Current Shapefile numbers on this machine now clear the published ingest floors:

  • point-heavy Shapefile at 10K rows:

    • pyogrio.read_dataframe: about 1.18M rows/s

    • pyogrio.read_arrow container parse: about 3.97M rows/s

    • repo-owned native WKB decode only: about 1.65M rows/s

    • full owned batch ingest: about 925K rows/s

  • point-heavy Shapefile at 100K rows after the raw Arrow-binary point fast path:

    • pyogrio.read_dataframe: about 1.25M rows/s

    • pyogrio.read_arrow container parse: about 4.41M rows/s

    • repo-owned native WKB decode only: about 1.56M rows/s

    • full owned batch ingest: about 4.10M rows/s

  • point-heavy Shapefile at 1M rows:

    • pyogrio.read_dataframe: about 1.12M rows/s

    • pyogrio.read_arrow container parse: about 4.48M rows/s

    • repo-owned native WKB decode only: about 1.43M rows/s

    • full owned batch ingest: about 4.08M rows/s

  • line-heavy Shapefile at 10K rows:

    • pyogrio.read_dataframe: about 1.10M rows/s

    • pyogrio.read_arrow container parse: about 3.32M rows/s

    • repo-owned native WKB decode only: about 611K rows/s

    • full owned batch ingest: about 3.20M rows/s

  • line-heavy Shapefile at 1M rows:

    • pyogrio.read_dataframe: about 1.02M rows/s

    • pyogrio.read_arrow container parse: about 3.73M rows/s

    • repo-owned native WKB decode only: about 617K rows/s

    • full owned batch ingest: about 3.40M rows/s

  • polygon-heavy Shapefile at 5K rows:

    • pyogrio.read_dataframe: about 858K rows/s

    • pyogrio.read_arrow container parse: about 2.37M rows/s

    • repo-owned native WKB decode only: about 502K rows/s

    • full owned batch ingest: about 2.29M rows/s

  • polygon-heavy Shapefile at 250K rows:

    • pyogrio.read_dataframe: about 893K rows/s

    • pyogrio.read_arrow container parse: about 2.51M rows/s

    • repo-owned native WKB decode only: about 452K rows/s

    • full owned batch ingest: about 2.24M rows/s

The main change was shifting non-point families off the generic per-row Arrow WKB bridge and onto uniform raw-buffer fast paths.
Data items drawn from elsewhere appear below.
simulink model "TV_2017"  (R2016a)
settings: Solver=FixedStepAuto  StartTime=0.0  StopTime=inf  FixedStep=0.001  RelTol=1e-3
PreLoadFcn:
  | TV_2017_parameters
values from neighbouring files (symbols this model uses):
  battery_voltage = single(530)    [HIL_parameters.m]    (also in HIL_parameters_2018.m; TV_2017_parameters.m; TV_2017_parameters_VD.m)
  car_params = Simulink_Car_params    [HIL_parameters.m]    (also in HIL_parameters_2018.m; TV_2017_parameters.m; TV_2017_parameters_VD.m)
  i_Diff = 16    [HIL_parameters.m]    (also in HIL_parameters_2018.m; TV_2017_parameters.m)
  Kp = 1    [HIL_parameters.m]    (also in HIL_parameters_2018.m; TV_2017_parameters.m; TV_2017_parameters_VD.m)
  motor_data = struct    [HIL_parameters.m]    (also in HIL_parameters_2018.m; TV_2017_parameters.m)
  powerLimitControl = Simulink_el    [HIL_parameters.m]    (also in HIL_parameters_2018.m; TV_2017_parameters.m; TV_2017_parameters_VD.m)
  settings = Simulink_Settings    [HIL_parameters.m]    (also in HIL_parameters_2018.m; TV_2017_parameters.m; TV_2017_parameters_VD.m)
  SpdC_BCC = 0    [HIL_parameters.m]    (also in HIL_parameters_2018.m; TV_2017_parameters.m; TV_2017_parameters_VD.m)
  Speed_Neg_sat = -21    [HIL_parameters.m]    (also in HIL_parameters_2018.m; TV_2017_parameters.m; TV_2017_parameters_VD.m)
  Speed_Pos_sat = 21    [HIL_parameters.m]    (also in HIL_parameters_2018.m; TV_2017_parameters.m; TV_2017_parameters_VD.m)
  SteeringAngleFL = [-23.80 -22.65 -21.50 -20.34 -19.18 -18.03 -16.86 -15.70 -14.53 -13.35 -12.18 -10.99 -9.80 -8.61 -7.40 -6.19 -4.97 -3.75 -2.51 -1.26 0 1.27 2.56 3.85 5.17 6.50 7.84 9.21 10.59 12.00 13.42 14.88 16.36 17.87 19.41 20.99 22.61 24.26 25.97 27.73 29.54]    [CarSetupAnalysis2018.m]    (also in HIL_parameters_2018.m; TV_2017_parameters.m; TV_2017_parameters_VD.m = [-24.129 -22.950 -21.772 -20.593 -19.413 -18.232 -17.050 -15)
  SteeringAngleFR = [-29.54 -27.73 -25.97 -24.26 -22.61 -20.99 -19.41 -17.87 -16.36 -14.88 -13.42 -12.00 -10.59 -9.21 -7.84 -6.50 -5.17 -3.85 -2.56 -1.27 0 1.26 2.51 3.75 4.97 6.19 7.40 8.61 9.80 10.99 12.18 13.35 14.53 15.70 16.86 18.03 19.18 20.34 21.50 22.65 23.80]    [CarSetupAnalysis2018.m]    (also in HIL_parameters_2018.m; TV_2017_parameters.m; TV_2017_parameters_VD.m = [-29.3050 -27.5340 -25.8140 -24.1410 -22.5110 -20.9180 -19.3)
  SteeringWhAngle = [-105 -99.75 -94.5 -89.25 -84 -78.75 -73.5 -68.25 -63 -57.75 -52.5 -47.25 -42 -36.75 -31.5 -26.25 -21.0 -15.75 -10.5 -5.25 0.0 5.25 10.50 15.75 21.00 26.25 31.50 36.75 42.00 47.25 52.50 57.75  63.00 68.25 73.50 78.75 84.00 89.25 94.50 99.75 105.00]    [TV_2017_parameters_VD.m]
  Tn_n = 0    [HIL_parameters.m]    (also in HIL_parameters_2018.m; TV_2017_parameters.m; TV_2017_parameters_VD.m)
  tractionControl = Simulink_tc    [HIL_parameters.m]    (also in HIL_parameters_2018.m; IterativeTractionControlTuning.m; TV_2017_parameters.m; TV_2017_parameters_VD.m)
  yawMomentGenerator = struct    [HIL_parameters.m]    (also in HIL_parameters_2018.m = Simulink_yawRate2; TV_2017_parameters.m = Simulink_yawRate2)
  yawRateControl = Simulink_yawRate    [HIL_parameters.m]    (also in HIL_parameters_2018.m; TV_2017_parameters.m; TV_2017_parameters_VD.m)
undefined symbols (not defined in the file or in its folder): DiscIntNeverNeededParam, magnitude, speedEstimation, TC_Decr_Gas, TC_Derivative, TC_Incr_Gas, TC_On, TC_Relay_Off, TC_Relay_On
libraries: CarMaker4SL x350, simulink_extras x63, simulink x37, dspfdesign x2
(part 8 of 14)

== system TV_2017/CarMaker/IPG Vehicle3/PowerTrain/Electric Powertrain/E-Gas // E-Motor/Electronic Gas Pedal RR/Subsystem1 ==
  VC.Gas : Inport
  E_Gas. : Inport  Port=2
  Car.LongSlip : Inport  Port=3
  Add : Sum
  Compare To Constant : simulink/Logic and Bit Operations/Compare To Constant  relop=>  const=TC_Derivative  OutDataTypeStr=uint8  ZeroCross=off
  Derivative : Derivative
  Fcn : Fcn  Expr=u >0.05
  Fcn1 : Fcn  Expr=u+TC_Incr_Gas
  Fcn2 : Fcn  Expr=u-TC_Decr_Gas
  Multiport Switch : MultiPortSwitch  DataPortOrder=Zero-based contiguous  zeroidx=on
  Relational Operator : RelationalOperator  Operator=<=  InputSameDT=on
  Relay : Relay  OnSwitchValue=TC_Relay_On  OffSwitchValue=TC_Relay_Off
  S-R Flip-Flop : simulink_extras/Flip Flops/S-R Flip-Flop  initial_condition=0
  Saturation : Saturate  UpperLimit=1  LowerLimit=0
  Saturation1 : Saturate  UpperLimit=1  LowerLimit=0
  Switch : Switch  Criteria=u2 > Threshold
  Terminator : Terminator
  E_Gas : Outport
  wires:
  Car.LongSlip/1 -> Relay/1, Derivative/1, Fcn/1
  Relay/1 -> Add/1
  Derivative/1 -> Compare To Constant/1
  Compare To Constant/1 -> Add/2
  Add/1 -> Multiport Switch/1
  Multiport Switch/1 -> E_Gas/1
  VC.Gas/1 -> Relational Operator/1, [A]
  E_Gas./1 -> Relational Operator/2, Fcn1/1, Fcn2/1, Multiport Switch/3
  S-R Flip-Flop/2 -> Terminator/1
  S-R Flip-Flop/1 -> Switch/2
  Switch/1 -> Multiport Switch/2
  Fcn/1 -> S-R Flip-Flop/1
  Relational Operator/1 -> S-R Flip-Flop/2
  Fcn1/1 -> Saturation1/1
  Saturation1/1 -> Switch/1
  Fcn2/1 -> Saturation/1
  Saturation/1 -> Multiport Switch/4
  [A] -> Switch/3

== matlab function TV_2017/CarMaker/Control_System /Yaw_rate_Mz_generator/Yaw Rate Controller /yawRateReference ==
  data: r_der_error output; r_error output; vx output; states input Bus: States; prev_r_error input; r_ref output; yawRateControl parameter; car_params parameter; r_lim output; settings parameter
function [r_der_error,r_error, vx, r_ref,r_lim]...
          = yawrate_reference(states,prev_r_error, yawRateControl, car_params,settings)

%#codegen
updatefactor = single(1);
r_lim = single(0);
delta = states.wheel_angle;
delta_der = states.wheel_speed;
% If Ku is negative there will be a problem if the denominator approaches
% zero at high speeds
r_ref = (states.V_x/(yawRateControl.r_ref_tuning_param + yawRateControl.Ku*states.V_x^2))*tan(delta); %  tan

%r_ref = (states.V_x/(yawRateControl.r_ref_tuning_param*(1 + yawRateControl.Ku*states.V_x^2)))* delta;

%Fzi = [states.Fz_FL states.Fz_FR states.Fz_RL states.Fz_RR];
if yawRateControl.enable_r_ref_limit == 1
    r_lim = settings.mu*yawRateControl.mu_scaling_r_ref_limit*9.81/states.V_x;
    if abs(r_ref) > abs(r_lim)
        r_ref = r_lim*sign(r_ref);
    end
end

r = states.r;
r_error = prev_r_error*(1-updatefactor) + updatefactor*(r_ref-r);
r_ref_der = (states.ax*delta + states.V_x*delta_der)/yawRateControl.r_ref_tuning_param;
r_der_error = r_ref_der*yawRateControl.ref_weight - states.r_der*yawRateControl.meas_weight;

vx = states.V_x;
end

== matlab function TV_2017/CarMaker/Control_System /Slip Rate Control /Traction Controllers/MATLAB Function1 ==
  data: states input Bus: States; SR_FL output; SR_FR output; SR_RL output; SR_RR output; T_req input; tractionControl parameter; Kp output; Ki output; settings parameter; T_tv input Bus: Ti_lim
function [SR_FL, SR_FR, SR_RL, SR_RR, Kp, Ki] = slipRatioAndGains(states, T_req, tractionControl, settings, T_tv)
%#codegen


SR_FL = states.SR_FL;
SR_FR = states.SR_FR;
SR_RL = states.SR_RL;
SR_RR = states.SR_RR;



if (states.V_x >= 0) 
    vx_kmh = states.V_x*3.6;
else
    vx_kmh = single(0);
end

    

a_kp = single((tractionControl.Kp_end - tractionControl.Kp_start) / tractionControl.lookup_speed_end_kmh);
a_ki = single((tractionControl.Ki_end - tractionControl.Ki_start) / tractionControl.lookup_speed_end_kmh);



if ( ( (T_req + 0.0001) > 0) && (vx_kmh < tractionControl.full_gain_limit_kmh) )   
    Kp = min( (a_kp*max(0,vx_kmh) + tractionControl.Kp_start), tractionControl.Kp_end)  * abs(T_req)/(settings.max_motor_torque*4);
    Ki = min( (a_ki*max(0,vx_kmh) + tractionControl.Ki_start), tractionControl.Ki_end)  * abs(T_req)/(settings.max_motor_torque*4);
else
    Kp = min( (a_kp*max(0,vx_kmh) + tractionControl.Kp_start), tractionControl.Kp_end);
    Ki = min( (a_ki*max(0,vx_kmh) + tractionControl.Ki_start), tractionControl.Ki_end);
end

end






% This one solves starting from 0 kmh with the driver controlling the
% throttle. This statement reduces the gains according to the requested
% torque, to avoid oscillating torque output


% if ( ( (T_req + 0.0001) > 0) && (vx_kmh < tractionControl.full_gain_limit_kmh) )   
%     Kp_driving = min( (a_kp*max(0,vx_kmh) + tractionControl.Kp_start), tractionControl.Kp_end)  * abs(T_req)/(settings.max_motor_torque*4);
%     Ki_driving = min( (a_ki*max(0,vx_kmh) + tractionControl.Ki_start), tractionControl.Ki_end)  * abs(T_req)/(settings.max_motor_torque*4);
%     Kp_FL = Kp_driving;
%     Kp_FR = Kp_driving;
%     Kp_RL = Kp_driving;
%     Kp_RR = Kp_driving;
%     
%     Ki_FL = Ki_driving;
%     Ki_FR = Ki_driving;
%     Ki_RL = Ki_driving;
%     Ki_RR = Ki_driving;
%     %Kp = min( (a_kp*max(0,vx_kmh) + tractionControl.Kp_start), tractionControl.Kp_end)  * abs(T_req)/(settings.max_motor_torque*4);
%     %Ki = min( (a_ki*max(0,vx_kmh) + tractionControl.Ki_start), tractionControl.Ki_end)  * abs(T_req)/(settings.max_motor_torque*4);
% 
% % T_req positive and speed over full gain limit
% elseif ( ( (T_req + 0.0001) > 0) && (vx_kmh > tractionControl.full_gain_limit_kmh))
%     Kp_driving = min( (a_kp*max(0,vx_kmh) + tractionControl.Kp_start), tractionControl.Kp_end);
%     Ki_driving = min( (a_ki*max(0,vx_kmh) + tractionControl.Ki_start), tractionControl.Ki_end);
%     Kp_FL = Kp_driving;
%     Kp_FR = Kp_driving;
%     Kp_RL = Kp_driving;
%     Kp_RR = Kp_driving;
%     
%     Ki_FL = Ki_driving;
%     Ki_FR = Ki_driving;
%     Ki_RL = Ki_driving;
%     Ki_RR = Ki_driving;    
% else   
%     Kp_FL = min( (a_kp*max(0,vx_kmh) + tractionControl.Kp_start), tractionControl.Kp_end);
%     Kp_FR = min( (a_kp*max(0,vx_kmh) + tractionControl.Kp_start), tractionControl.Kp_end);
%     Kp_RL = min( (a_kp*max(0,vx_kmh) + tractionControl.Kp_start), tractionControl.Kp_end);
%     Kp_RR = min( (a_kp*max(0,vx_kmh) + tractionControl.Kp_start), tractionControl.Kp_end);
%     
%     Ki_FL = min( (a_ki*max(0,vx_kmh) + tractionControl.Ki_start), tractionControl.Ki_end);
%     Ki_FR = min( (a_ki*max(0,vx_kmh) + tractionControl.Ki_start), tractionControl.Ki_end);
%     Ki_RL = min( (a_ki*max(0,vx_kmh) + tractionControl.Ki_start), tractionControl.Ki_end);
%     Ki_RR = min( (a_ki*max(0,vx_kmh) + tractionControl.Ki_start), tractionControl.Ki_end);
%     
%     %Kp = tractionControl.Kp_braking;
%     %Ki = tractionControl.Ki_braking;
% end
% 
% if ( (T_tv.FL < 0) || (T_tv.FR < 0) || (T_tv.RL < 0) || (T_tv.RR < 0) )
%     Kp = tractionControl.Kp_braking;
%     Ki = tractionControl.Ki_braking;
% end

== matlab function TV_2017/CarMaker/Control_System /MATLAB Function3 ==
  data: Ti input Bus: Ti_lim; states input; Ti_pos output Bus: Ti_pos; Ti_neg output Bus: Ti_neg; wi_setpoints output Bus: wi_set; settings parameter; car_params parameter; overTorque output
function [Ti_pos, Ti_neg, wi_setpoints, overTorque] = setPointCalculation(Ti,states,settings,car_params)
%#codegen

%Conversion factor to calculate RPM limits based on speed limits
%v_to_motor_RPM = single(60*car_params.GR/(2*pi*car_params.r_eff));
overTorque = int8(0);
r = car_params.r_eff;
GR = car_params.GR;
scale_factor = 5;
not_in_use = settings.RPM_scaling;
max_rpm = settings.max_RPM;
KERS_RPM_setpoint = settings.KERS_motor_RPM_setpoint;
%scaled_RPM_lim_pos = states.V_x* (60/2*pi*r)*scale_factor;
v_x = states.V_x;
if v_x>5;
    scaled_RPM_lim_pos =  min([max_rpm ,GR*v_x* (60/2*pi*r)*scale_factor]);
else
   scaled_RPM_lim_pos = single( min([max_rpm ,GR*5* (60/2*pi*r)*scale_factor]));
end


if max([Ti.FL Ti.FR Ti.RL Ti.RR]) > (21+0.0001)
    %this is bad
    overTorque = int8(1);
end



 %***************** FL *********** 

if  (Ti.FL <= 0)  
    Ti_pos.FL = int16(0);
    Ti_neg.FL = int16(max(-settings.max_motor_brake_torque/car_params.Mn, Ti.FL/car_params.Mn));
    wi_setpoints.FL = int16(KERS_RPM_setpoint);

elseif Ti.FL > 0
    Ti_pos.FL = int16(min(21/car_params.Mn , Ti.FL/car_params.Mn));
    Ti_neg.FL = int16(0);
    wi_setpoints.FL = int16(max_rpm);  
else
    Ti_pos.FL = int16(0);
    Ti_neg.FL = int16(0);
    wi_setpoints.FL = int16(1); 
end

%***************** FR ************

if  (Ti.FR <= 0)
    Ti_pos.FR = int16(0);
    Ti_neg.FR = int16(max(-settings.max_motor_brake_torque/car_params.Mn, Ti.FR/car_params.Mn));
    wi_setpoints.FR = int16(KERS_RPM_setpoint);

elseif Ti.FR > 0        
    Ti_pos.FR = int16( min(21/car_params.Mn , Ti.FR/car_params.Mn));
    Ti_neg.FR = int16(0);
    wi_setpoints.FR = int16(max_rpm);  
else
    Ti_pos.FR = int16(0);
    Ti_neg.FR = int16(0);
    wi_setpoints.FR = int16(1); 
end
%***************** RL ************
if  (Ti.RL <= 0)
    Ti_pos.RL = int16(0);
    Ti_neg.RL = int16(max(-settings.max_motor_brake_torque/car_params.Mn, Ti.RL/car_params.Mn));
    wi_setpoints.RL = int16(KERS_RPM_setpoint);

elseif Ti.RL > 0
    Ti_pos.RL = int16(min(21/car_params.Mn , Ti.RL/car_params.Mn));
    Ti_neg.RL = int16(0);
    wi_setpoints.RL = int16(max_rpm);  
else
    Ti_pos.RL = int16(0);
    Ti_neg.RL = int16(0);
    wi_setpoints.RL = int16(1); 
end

That turned the owned path from “points only” into a broad Shapefile ingest win:

  • point-heavy ingest now runs about 3.63x faster than the current host baseline at 1M rows

  • line-heavy ingest now runs about 3.32x faster than the current host baseline at 1M rows

  • polygon-heavy ingest now runs about 2.51x faster than the current host baseline at 250K rows

The GPU byte-classification path (ADR-0038) now handles geometry extraction in 1.8s for the 2.16 GB Florida.geojson benchmark (32x vs pyogrio). The remaining bottleneck is CPU property extraction at 9.2s — 7.2M orjson.loads() calls dominated by Python interpreter overhead (function call dispatch, dict construction), not JSON parsing throughput. POC evaluation of parallel orjson, multiprocessing, pylibcudf, and coordinate stripping showed no meaningful improvement (see ADR-0038 Consequences). The next acceleration step would be a native (Rust/C) columnar property extractor, which is deferred because it changes the pure-Python build story and the cost is already lazy.